2 groups - multiple variables

jcblum · August 24, 2018, 11:20pm

Typically, you use an *apply() function (in base R) or one of the map_*() functions (tidyverse) to automate running the same function over a bunch of different inputs. The specifics of how you might do this depend a lot on how your data are arranged, however. Here's an example of what this might look like, but if your data are organized differently, it may not be directly applicable.

library(tidyverse)

# Create some example data
set.seed(42) # to make the example reproducible
study_data <- data.frame(
  group = factor(c(rep("healthy", 50), rep("patient", 50))),
  responseA = c(rnorm(50, mean = 20, sd = 2), rnorm(50, mean = 22, sd = 3)),
  responseB = c(rnorm(50, mean = 12, sd = 1), rnorm(50, mean = 22, sd = 1)),
  responseC = c(rnorm(50, mean = 2.5, sd = 1), rnorm(50, mean = 3.5, sd = 1)),
  responseD = c(rnorm(50, mean = 18, sd = 2), rnorm(50, mean = 18, sd = 3)),
  responseE = c(rnorm(50, mean = 0.54, sd = 1), rnorm(50, mean = 0.21, sd = 1)),
  responseF = c(rnorm(50, mean = 86.2, sd = 2), rnorm(50, mean = 74.3, sd = 1)),
  responseG = c(rnorm(50, mean = 4, sd = 2), rnorm(50, mean = 8, sd = 3))
)

13151_t_test
Aren't the results nice when I make up the data?
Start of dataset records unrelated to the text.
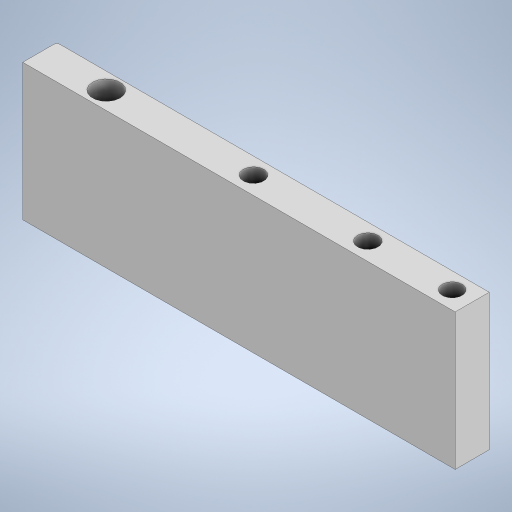
# Autodesk Inventor part: BASE
Saved by Autodesk Inventor 2024 (Build 280153000, 153)
## iProperties
Created: 2023-10-23
Part Number: BASE
Material: Generic
Document SubType Name: Modeling
Designer: tinas
Density: 1 g/cm^3
Appearance: Default
Author: tinas
Autodesk Inventor part; units mm, degrees
ref_plane "YZ Plane" through (0, 0, 0) normal (1, 0, 0) x (0, 1, 0)
ref_plane "XZ Plane" through (0, 0, 0) normal (0, 1, 0) x (-1, 0, 0)
ref_plane "XY Plane" through (0, 0, 0) normal (0, 0, 1) x (1, 0, 0)
sketch "Sketch1" plane through (0, 0, 0) normal (0, 1, 0) x (-1, 0, 0)
  line L0 (0, 0) -> (317, 0)
  line L1 (317, 0) -> (317, 25)
  line L2 (317, 25) -> (0, 25)
  line L3 (0, 25) -> (0, 0)
  dimension "d0" = 317
  dimension "d1" = 25
  constraints: 8 end point, 2 parallel, 1 horizontal, 1 perpendicular
  measures "d0" distance of L1.end L2.end
  measures "d1" distance of L0.end L1.end
extrude "Extrusion1" add sketch "Sketch1" along normal blind 100
fillet "Face Fillet1" radius 2 1 edges at (-317, 50, 0)
sketch "Sketch5" plane through (0, 0, 0) normal (0, 1, 0) x (-1, 0, 0)
  circle A0 centre (15.133, 12.0626) radius 7.2608
  circle A1 centre (76.981, 12.0626) radius 7.5
  circle A2 centre (160.761, 12.0626) radius 7.5
  circle A3 centre (268.666, 12.0626) radius 10.0887
  point P0 (0, 0)
  dimension "d16" = 15
  dimension "d17" = 15
  constraints: 4 centre point
  measures "d16" diameter of A1
  measures "d17" diameter of A2
extrude "Extrusion4" cut sketch "Sketch5" along normal blind 100
body "Solid1"

# All the t-tests, base R style
t_tests <- lapply(
  study_data[, -1], # apply the function to every variable *other than* the first one (group)
  function(x) { t.test(x ~ group, data = study_data) }
)

# All the t-tests, tidyverse style
t_tests_tidy <- map(
  select(study_data, -group),
  ~ t.test(.x ~ group, data = study_data)
)

# Same basic results, either way
t_tests$responseB
#> 
#>  Welch Two Sample t-test
#> 
#> data:  x by group
#> t = -55.861, df = 97.783, p-value < 2.2e-16
#> alternative hypothesis: true difference in means is not equal to 0
#> 95 percent confidence interval:
#>  -10.487324  -9.767745
#> sample estimates:
#> mean in group healthy mean in group patient 
#>              11.84875              21.97628
t_tests_tidy$responseB
#> 
#>  Welch Two Sample t-test
#> 
#> data:  .x by group
#> t = -55.861, df = 97.783, p-value < 2.2e-16
#> alternative hypothesis: true difference in means is not equal to 0
#> 95 percent confidence interval:
#>  -10.487324  -9.767745
#> sample estimates:
#> mean in group healthy mean in group patient 
#>              11.84875              21.97628

# Pull out specific test stats, etc.
t_tests$responseB$statistic
#>         t 
#> -55.86131

Created on 2018-08-24 by the reprex package (v0.2.0).

If this doesn't apply directly to how your data are organized, it will help a lot if you can do as @tbradley suggests and post a reproducible example with sample data and code.

Edited to add: Since this was fake data and about looping, I didn't do any sort of adjustment for all these comparisons I'm making. Anybody reading this in the future: please think hard about your choice of alpha (and maybe the suitability of this specific — or general — approach) before you merrily run umpty-million t-tests.